HOW TO COMPLETE THIS TASK → Return, from the data below, each line that contains the word "Continuous".

[Dataset records]
=== Begin Enclosure ===

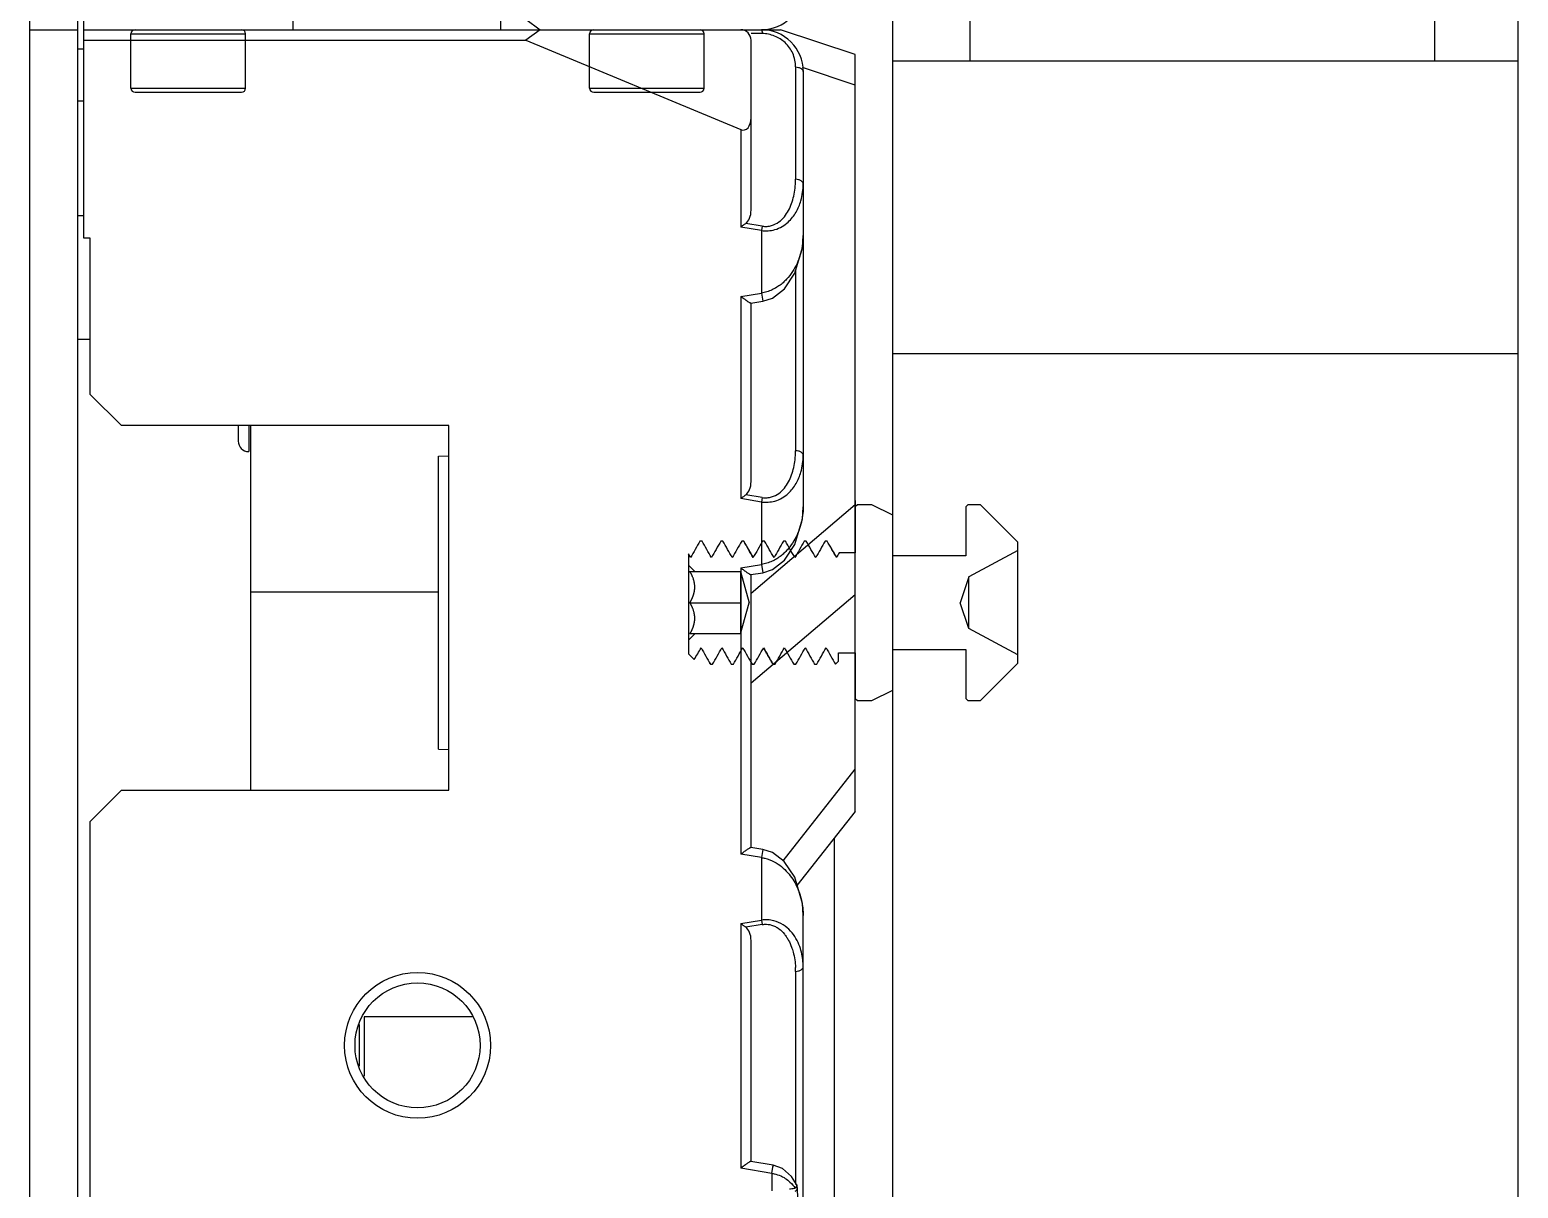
# Model space of a CAD drawing. Header units: millimetres. Extents: x 562 to 17351, y 2396 to 6995.
# Drawn here: x 15657.6 to 15729, y 5163.1 to 5218.7 of the extents above; entities that cross this region are included whole.
import ezdxf

# ---------------------------------------------------------------- set-up
doc = ezdxf.new("R2010")
doc.units = ezdxf.units.MM
for name, color, linetype in [('02___PRT_ALL_AXES', 7, 'Continuous'), ('_143577', 7, 'Continuous'), ('_88746', 7, 'Continuous')]:
    doc.layers.add(name, color=color, linetype=linetype)
doc.layers.add('1轮廓线', color=7, linetype='Continuous', lineweight=25)

# ---------------------------------------------------------------- blocks, each defined once
blk = doc.blocks.new('sdf')
at = {"color": 7, "linetype": 'Continuous'}
for p, q in [((25004.807, 8517.33), (25004.807, 8527.33)), ((25004.807, 8527.33), (25036.307, 8527.33)), ((25026.682, 8527.33), (25026.007, 8526.83)), ((25036.64, 8527.33), (25038.219, 8527.33)), ((25041.807, 8526.143), (25038.219, 8527.33)), ((25004.807, 8526.83), (25026.007, 8526.83)), ((25026.007, 8526.83), (25036.307, 8522.538)), ((25037.342, 8527.144), (25036.807, 8527.144)), ((25036.807, 8518.674), (25036.807, 8526.83)), ((25041.807, 8489.81), (25041.807, 8526.143)), ((25038.942, 8525.544), (25038.942, 8520.153)), ((25041.807, 8524.676), (25039.268, 8525.516)), ((25039.307, 8525.33), (25039.307, 8504.431)), ((25036.307, 8522.538), (25036.307, 8517.851)), ((25037.342, 8517.902), (25036.551, 8518.031)), ((25005.107, 8517.33), (25004.807, 8517.33)), ((25005.107, 8509.83), (25005.107, 8517.33)), ((25037.307, 8517.688), (25036.307, 8517.851)), ((25037.342, 8517.902), (25037.307, 8517.688)), ((25037.307, 8517.688), (25037.307, 8514.693)), ((25038.942, 8515.764), (25038.942, 8507.125)), ((25036.307, 8514.53), (25037.307, 8514.693)), ((25036.307, 8514.53), (25036.307, 8504.823)), ((25037.307, 8514.693), (25037.371, 8514.298)), ((25037.371, 8514.298), (25037.835, 8514.452)), ((25036.797, 8514.204), (25037.371, 8514.298)), ((25036.807, 8505.646), (25036.807, 8514.219)), ((25005.107, 8509.83), (25006.607, 8508.33)), ((25022.307, 8508.33), (25006.607, 8508.33)), ((25012.207, 8508.33), (25012.207, 8507.58)), ((25012.707, 8508.33), (25012.707, 8507.08)), ((25012.807, 8490.83), (25012.807, 8508.33)), ((25022.307, 8490.83), (25022.307, 8508.33)), ((25021.807, 8506.859), (25022.307, 8506.872)), ((25021.807, 8492.802), (25021.807, 8506.858)), ((25037.307, 8504.66), (25036.307, 8504.823)), ((25037.342, 8504.874), (25036.551, 8505.003)), ((25036.807, 8500.289), (25041.807, 8504.535)), ((25037.342, 8504.874), (25037.307, 8504.66)), ((25037.307, 8504.66), (25037.307, 8501.665)), ((25036.307, 8501.502), (25037.307, 8501.665)), ((25037.307, 8501.665), (25037.371, 8501.27)), ((25036.307, 8501.502), (25036.307, 8487.755)), ((25036.797, 8501.176), (25037.371, 8501.27)), ((25036.807, 8488.066), (25036.807, 8501.191)), ((25037.371, 8501.27), (25037.835, 8501.424)), ((25021.807, 8500.33), (25012.807, 8500.33)), ((25041.807, 8500.21), (25036.807, 8495.964)), ((25021.807, 8492.801), (25022.307, 8492.788)), ((25038.344, 8487.441), (25041.807, 8491.836)), ((25006.607, 8490.83), (25005.107, 8489.33)), ((25006.607, 8490.83), (25022.307, 8490.83)), ((25039.015, 8486.261), (25041.81, 8489.809)), ((25005.107, 8447.455), (25005.107, 8489.33)), ((25036.797, 8488.081), (25036.797, 8488.081)), ((25037.371, 8487.987), (25036.797, 8488.081)), ((25040.807, 8228.624), (25040.807, 8488.536)), ((25037.307, 8487.592), (25036.307, 8487.755)), ((25037.371, 8487.987), (25037.307, 8487.592)), ((25037.307, 8487.592), (25037.307, 8484.597)), ((25036.307, 8484.434), (25037.307, 8484.597)), ((25037.307, 8484.597), (25037.342, 8484.383)), ((25039.307, 8467.102), (25039.307, 8484.82)), ((25036.307, 8484.434), (25036.307, 8472.68)), ((25037.342, 8484.383), (25036.551, 8484.254)), ((25036.807, 8472.991), (25036.807, 8483.611)), ((25038.942, 8482.132), (25038.942, 8471.909)), ((25018.007, 8479.58), (25018.007, 8477.586)), ((25037.808, 8472.435), (25036.307, 8472.68)), ((25037.871, 8472.83), (25036.797, 8473.005)), ((25037.807, 8472.435), (25037.871, 8472.83)), ((25037.808, 8472.435), (25037.808, 8471.598)), ((25038.983, 8471.908), (25038.743, 8472.279)), ((25038.982, 8471.911), (25038.983, 8471.909)), ((25039.127, 8468.858), (25039.029, 8471.737)), ((25039.029, 8471.735), (25039.029, 8471.737)), ((25004.807, 8189.83), (25004.807, 8199.83)), ((25026.007, 8190.33), (25026.682, 8189.83)), ((25004.807, 8189.83), (25038.22, 8189.83)), ((25007.057, 8189.63), (25012.557, 8189.63)), ((25029.057, 8189.63), (25034.557, 8189.63)), ((25007.057, 8187.03), (25012.557, 8187.03)), ((25007.257, 8186.83), (25012.357, 8186.83)), ((25029.057, 8187.03), (25034.557, 8187.03)), ((25029.257, 8186.83), (25034.357, 8186.83))]:
    blk.add_line(p, q, dxfattribs=at)
for points in [[(25037.835, 8514.452), (25038.405, 8514.893), (25038.907, 8515.644), (25039.268, 8516.878), (25039.307, 8517.459)], [(25037.835, 8501.424), (25038.405, 8501.865), (25038.907, 8502.616), (25039.268, 8503.85), (25039.307, 8504.431)], [(25039.307, 8484.82), (25039.269, 8485.398), (25038.898, 8486.659), (25038.397, 8487.401), (25037.829, 8487.836), (25037.371, 8487.987)], [(25037.807, 8472.435), (25037.839, 8472.633), (25037.863, 8472.777), (25037.871, 8472.83)], [(25038.743, 8472.279), (25038.313, 8472.664), (25037.871, 8472.83)]]:
    blk.add_lwpolyline(points, dxfattribs=at)
for radius in [3.5, 3]:
    blk.add_circle((25020.807, 8478.58), radius, dxfattribs=at)
for centre, radius, start, end in [((25036.307, 8526.83), 0.5, 0, 89.99992), ((25037.307, 8525.33), 2, 0, 90.00002), ((25035.011, 8520.152), 3.93, 357.32819, 0.01004), ((25012.707, 8507.58), 0.5, 180, 270), ((25035.011, 8507.124), 3.93, 357.32819, 0.01004), ((25034.678, 8482.112), 4.264, 0.26974, 2.7434), ((25038.628, 8471.723), 0.4, 2.01046, 27.6283), ((25037.307, 8191.83), 2, 269.99999, 0), ((25007.257, 8189.63), 0.2, 90, 180), ((25012.357, 8189.63), 0.2, 0, 90), ((25029.257, 8189.63), 0.2, 90, 180), ((25034.357, 8189.63), 0.2, 0, 90), ((25007.257, 8187.03), 0.2, 180, 270), ((25012.357, 8187.03), 0.2, 270, 0), ((25029.257, 8187.03), 0.2, 180, 270), ((25034.357, 8187.03), 0.2, 270, 0)]:
    blk.add_arc(centre, radius, start, end, dxfattribs=at)
for centre, major_axis, ratio, start_param, end_param in [((25036.307, 8523.32), (-0.194, 0.801), 0.575257, -3.540963, -1.970166), ((25036.307, 8518.755), (-0.085, 0.787), 0.625869, -2.801209, -1.741638), ((25036.307, 8505.727), (-0.085, 0.787), 0.625869, -2.801209, -1.741638), ((25036.307, 8483.53), (0.085, 0.787), 0.625869, -1.399955, -0.340384)]:
    blk.add_ellipse(centre, major_axis=major_axis, ratio=ratio, start_param=start_param, end_param=end_param, dxfattribs=at)
for points, knots in [([(25037.307, 8527.33), (25037.31, 8527.329), (25037.316, 8527.32), (25037.321, 8527.302), (25037.328, 8527.274), (25037.331, 8527.253), (25037.332, 8527.241)], [0, 0, 0, 0, 0.106724, 0.306908, 0.606298, 1, 1, 1, 1]), ([(25037.332, 8527.241), (25037.333, 8527.234), (25037.337, 8527.201), (25037.34, 8527.169), (25037.342, 8527.144)], [0, 0, 0, 0, 0.223114, 1, 1, 1, 1]), ([(25038.435, 8526.71), (25038.363, 8526.776), (25038.203, 8526.896), (25037.936, 8527.034), (25037.645, 8527.123), (25037.443, 8527.144), (25037.342, 8527.144)], [0, 0, 0, 0, 0.245243, 0.495333, 0.747415, 1, 1, 1, 1]), ([(25038.804, 8526.198), (25038.762, 8526.293), (25038.656, 8526.478), (25038.515, 8526.638), (25038.435, 8526.71)], [0, 0, 0, 0, 0.492653, 1, 1, 1, 1]), ([(25038.942, 8525.544), (25038.942, 8525.655), (25038.918, 8525.879), (25038.85, 8526.094), (25038.804, 8526.198)], [0, 0, 0, 0, 0.49543, 1, 1, 1, 1]), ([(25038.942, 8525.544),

=== End Enclosure ===

RESPONSE AREA →
for name, color, linetype in [('02___PRT_ALL_AXES', 7, 'Continuous'), ('_143577', 7, 'Continuous'), ('_88746', 7, 'Continuous')]:
doc.layers.add('1轮廓线', color=7, linetype='Continuous', lineweight=25)
at = {"color": 7, "linetype": 'Continuous'}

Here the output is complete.